| DESCRIPTION OF THE TASK |
Look through the entries for the string "diagram" and copy every line where it shows up.

| RECORDS FOR THE EXERCISE |
══════════════════════════════

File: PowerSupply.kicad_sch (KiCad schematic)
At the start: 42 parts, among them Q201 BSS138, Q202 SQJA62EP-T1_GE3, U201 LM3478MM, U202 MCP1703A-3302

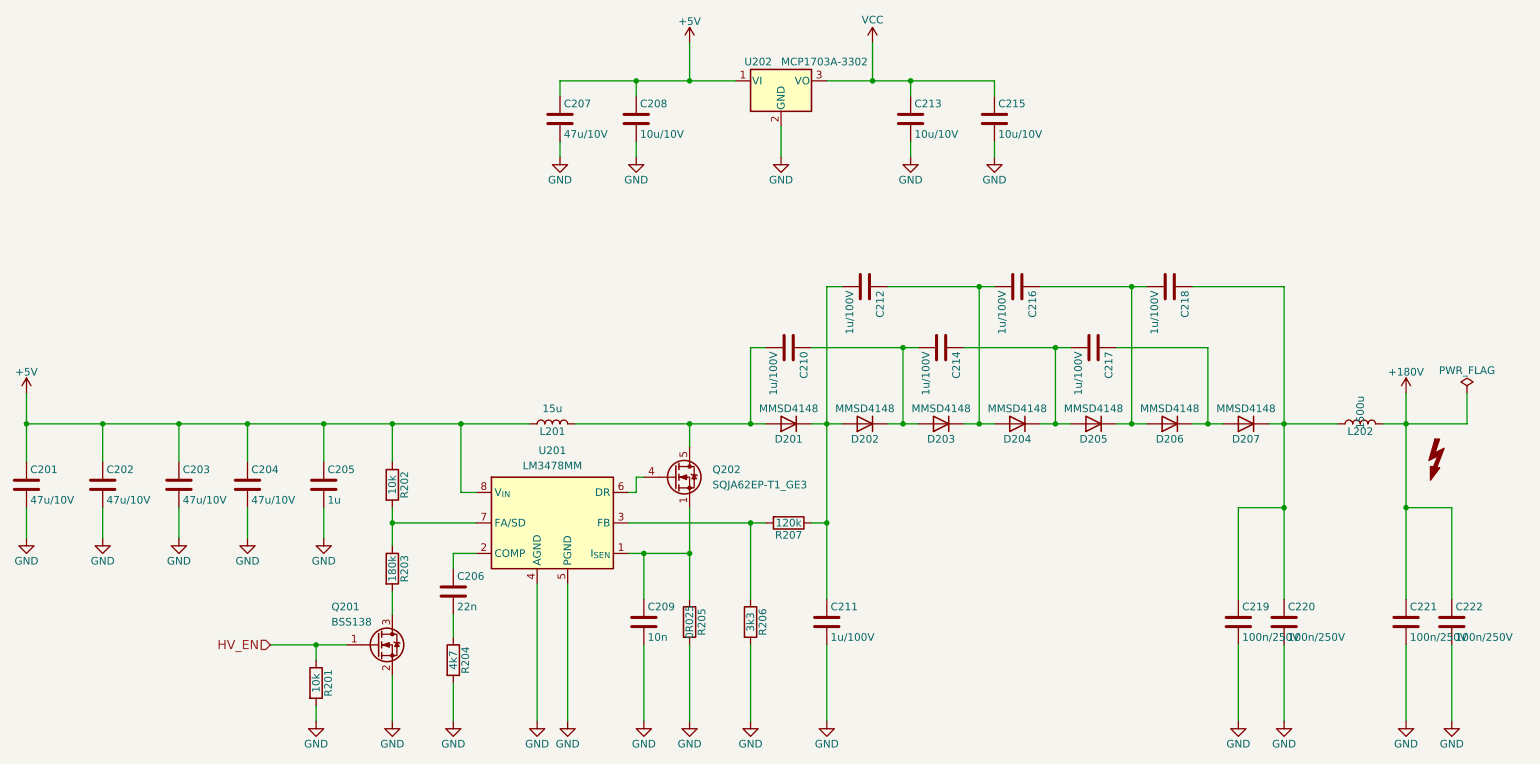
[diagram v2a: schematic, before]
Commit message: BoM: optimize parts
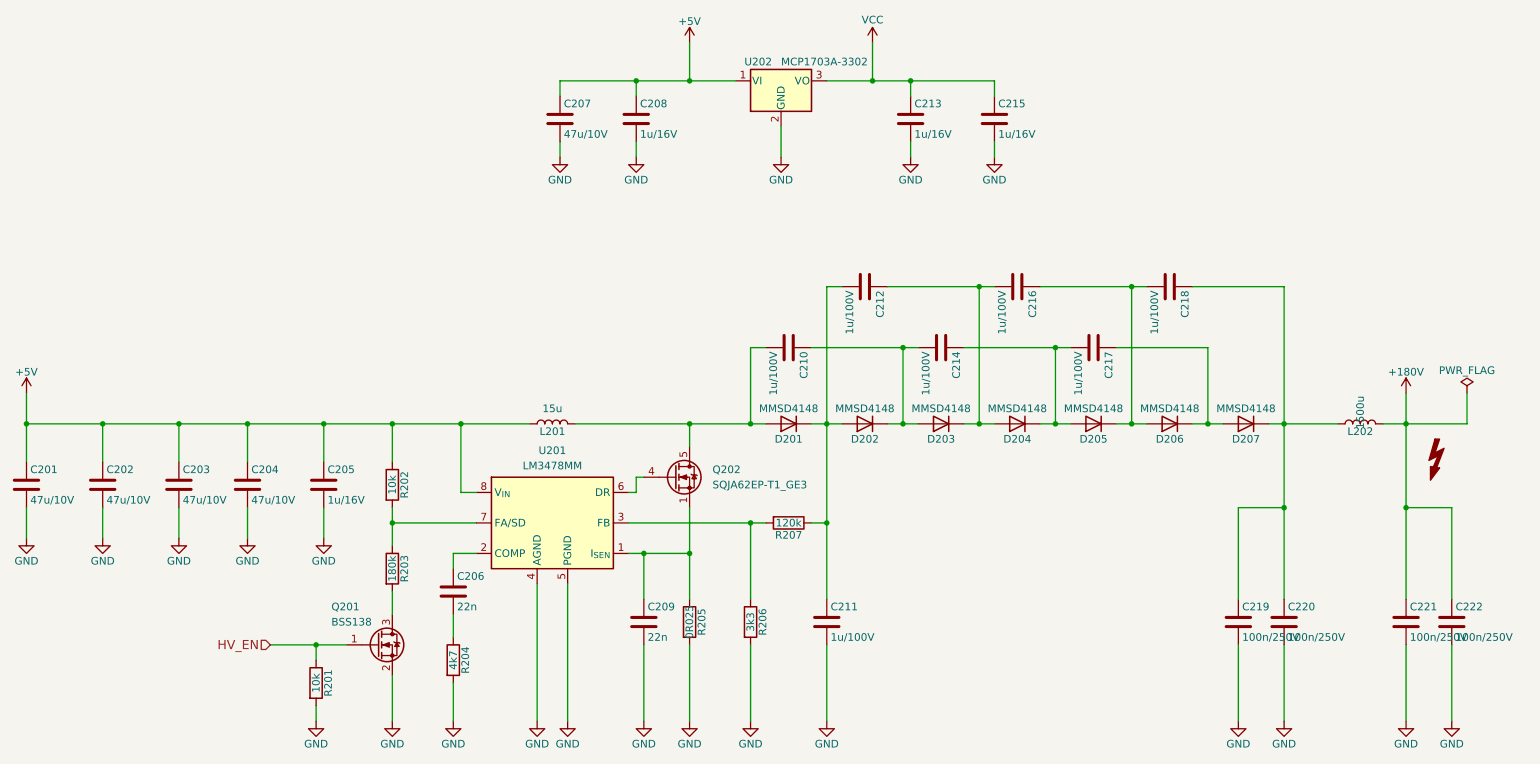
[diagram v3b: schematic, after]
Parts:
- C205: value 1u -> 1u/16V
- C208, C213, C215: value 10u/10V -> 1u/16V; footprint Capacitor_SMD:C_1206_3216Metric -> Capacitor_SMD:C_0805_2012Metric; SPN CL21B103KBANNNC -> CL21B105KOFNNNE
- C209: value 10n -> 22n; SPN CL10B105KO8NNNC -> CC0805KRX7R9BB223
- L201: SPN HPI1260-150 -> DR125-150-R
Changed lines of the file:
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@@
       (effects (font (size 1.27 1.27)) hide)
     )
-    (property "SPN" "HPI1260-150" (at 111.76 95.25 0)
+    (property "SPN" "DR125-150-R" (at 111.76 95.25 0)
       (effects (font (size 1.27 1.27)) hide)
     )
@@
       (effects (font (size 1.27 1.27)) (justify left))
     )
-    (property "Value" "10u/10V" (at 172.085 46.99 0)
-      (effects (font (size 1.27 1.27)) (justify left))
-    )
-    (property "Footprint" "Capacitor_SMD:C_1206_3216Metric" (at 172.4152 48.26 0)
+    (property "Value" "1u/16V" (at 172.085 46.99 0)
+      (effects (font (size 1.27 1.27)) (justify left))
+    )
+    (property "Footprint" "Capacitor_SMD:C_0805_2012Metric" (at 172.4152 48.26 0)
       (effects (font (size 1.27 1.27)) hide)
     )
@@
       (effects (font (size 1.27 1.27)) hide)
     )
-    (property "SPN" "CL21B103KBANNNC" (at 171.45 44.45 0)
+    (property "SPN" "CL21B105KOFNNNE" (at 171.45 44.45 0)
       (effects (font (size 1.27 1.27)) hide)
     )
@@
       (effects (font (size 1.27 1.27)) (justify left))
     )
-    (property "Value" "1u" (at 74.295 107.95 0)
+    (property "Value" "1u/16V" (at 74.295 107.95 0)
       (effects (font (size 1.27 1.27)) (justify left))
     )
@@
       (effects (font (size 1.27 1.27)) (justify left))
     )
-    (property "Value" "10u/10V" (at 186.055 46.99 0)
-      (effects (font (size 1.27 1.27)) (justify left))
-    )
-    (property "Footprint" "Capacitor_SMD:C_1206_3216Metric" (at 186.3852 48.26 0)
+    (property "Value" "1u/16V" (at 186.055 46.99 0)
+      (effects (font (size 1.27 1.27)) (justify left))
+    )
+    (property "Footprint" "Capacitor_SMD:C_0805_2012Metric" (at 186.3852 48.26 0)
       (effects (font (size 1.27 1.27)) hide)
     )
@@
       (effects (font (size 1.27 1.27)) hide)
     )
-    (property "SPN" "CL21B103KBANNNC" (at 185.42 44.45 0)
+    (property "SPN" "CL21B105KOFNNNE" (at 185.42 44.45 0)
       (effects (font (size 1.27 1.27)) hide)
     )
@@
       (effects (font (size 1.27 1.27)) (justify left))
     )
-    (property "Value" "10u/10V" (at 126.365 46.99 0)
-      (effects (font (size 1.27 1.27)) (justify left))
-    )
-    (property "Footprint" "Capacitor_SMD:C_1206_3216Metric" (at 126.6952 48.26 0)
+    (property "Value" "1u/16V" (at 126.365 46.99 0)
+      (effects (font (size 1.27 1.27)) (justify left))
+    )
+    (property "Footprint" "Capacitor_SMD:C_0805_2012Metric" (at 126.6952 48.26 0)
       (effects (font (size 1.27 1.27)) hide)
     )
@@
       (effects (font (size 1.27 1.27)) hide)
     )
-    (property "SPN" "CL21B103KBANNNC" (at 125.73 44.45 0)
+    (property "SPN" "CL21B105KOFNNNE" (at 125.73 44.45 0)
       (effects (font (size 1.27 1.27)) hide)
     )
@@
       (effects (font (size 1.27 1.27)) (justify left))
     )
-    (property "Value" "10n" (at 127.635 130.81 0)
+    (property "Value" "22n" (at 127.635 130.81 0)
       (effects (font (size 1.27 1.27)) (justify left))
     )
@@
       (effects (font (size 1.27 1.27)) hide)
     )
-    (property "SPN" "CL10B105KO8NNNC" (at 127 128.27 0)
-      (effects (font (size 1.27 1.27)) hide)
-    )
+    (property "SPN" "CC0805KRX7R9BB223" (at 127 128.27 0)
+      (effects (font (size 1.27 1.27)) hide)
+    )

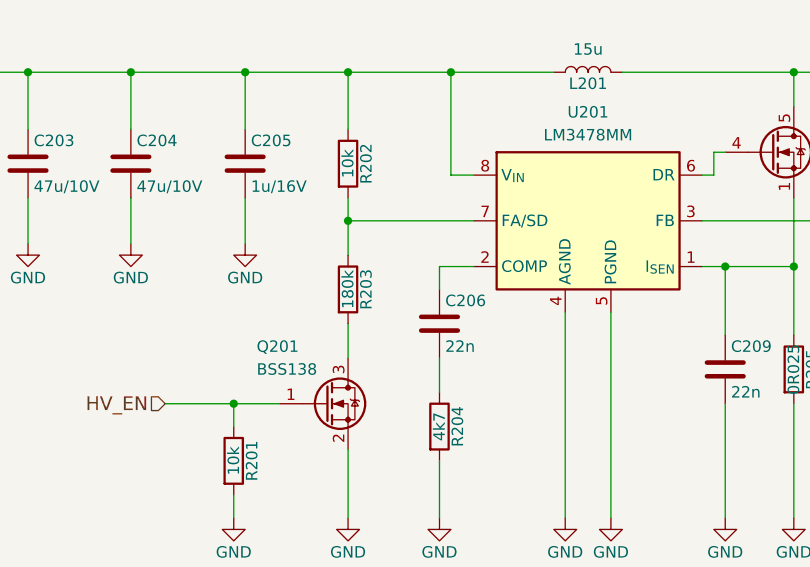
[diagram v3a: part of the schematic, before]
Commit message: pcb: fix HV generator enable input
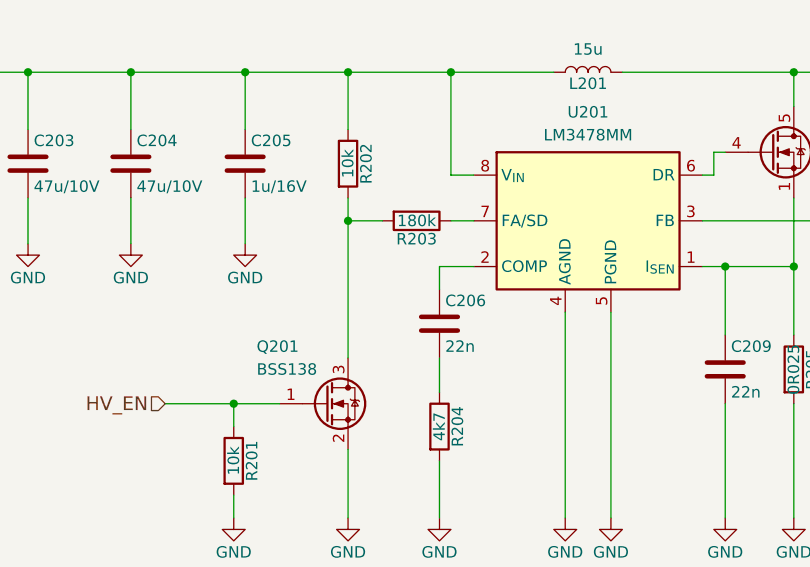
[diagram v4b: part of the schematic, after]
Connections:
- net at R203.1, U201.7 (FA/SD): no longer R202.2
- net at Q201.3 (D), R203.2: now also R202.2
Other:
- moved on the sheet: R203
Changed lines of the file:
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@@
   (title_block
     (title "ZM108x, Z57x nixieboard")
-    (date "2025-09-04")
-    (rev "3/${GITHASH}")
+    (date "2026-02-27")
+    (rev "2.1/${GITHASH}")
     (comment 1 "Atuthor: Martin Sabol")
   )
@@
   (junction (at 165.1 38.1) (diameter 0) (color 0 0 0 0)
   )
+  (junction (at 85.09 111.76) (diameter 0) (color 0 0 0 0)
+  )
   (junction (at 220.98 95.25) (diameter 0) (color 0 0 0 0)
   )
@@
   (junction (at 195.58 82.55) (diameter 0) (color 0 0 0 0)
   )
-  (junction (at 85.09 111.76) (diameter 0) (color 0 0 0 0)
-  )
   (junction (at 73.66 95.25) (diameter 0) (color 0 0 0 0)
   )
@@
     (stroke (width 0) (type default))
   )
+  (wire (pts (xy 85.09 109.22) (xy 85.09 111.76))
+    (stroke (width 0) (type default))
+  )
   (wire (pts (xy 124.46 116.84) (xy 127 116.84))
     (stroke (width 0) (type default))
@@
     (stroke (width 0) (type default))
   )
-  (wire (pts (xy 99.06 111.76) (xy 85.09 111.76))
+  (wire (pts (xy 99.06 111.76) (xy 96.52 111.76))
     (stroke (width 0) (type default))
   )
@@
     (stroke (width 0) (type default))
   )
-  (wire (pts (xy 85.09 109.22) (xy 85.09 111.76))
+  (wire (pts (xy 85.09 111.76) (xy 85.09 127))
     (stroke (width 0) (type default))
   )
@@
     (stroke (width 0) (type default))
   )
-  (wire (pts (xy 85.09 111.76) (xy 85.09 115.57))
-    (stroke (width 0) (type default))
-  )
   (wire (pts (xy 109.22 121.92) (xy 109.22 144.78))
     (stroke (width 0) (type default))
@@
     (stroke (width 0) (type default))
   )
-  (wire (pts (xy 85.09 123.19) (xy 85.09 127))
-    (stroke (width 0) (type default))
-  )
   (wire (pts (xy 170.18 82.55) (xy 170.18 95.25))
     (stroke (width 0) (type default))
@@
   )
   (wire (pts (xy 36.83 109.22) (xy 36.83 114.3))
+    (stroke (width 0) (type default))
+  )
+  (wire (pts (xy 88.9 111.76) (xy 85.09 111.76))
     (stroke (width 0) (type default))
   )
@@
     )
   )
-  (symbol (lib_id "Device:R") (at 85.09 119.38 0) (unit 1)
-    (in_bom yes) (on_board yes) (dnp no)
-    (property "Reference" "R203" (at 87.122 119.38 90)
-      (effects (font (size 1.27 1.27)))
-    )
-    (property "Value" "180k" (at 85.09 119.38 90)
-      (effects (font (size 1.27 1.27)))
-    )
-    (property "Footprint" "Resistor_SMD:R_0805_2012Metric" (at 83.312 119.38 90)
-      (effects (font (size 1.27 1.27)) hide)
-    )
-    (property "Datasheet" "~" (at 85.09 119.38 0)
-      (effects (font (size 1.27 1.27)) hide)
-    )
-    (property "Supplier" "TME" (at 85.09 119.38 0)
-      (effects (font (size 1.27 1.27)) hide)
-    )
-    (property "SPN" "0805S8F1803T5E" (at 85.09 119.38 0)
-      (effects (font (size 1.27 1.27)) hide)
-    )
+  (symbol (lib_id "Device:R") (at 92.71 111.76 270) (unit 1)
+    (in_bom yes) (on_board yes) (dnp no)
+    (property "Reference" "R203" (at 92.71 113.792 90)
+      (effects (font (size 1.27 1.27)))
+    )
+    (property "Value" "180k" (at 92.71 111.76 90)
+      (effects (font (size 1.27 1.27)))
+    )
+    (property "Footprint" "Resistor_SMD:R_0805_2012Metric" (at 92.71 109.982 90)
+      (effects (font (size 1.27 1.27)) hide)
+    )
+    (property "Datasheet" "~" (at 92.71 111.76 0)
+      (effects (font (size 1.27 1.27)) hide)
+    )
+    (property "Supplier" "TME" (at 92.71 111.76 0)
+      (effects (font (size 1.27 1.27)) hide)
+    )
+    (property "SPN" "0805S8F1803T5E" (at 92.71 111.76 0)
+      (effects (font (size 1.27 1.27)) hide)
+    )

══════════════════════════════

| RESULT OF THIS EXERCISE |
[diagram v2a: schematic, before]
[diagram v3b: schematic, after]
[diagram v3a: part of the schematic, before]
[diagram v4b: part of the schematic, after]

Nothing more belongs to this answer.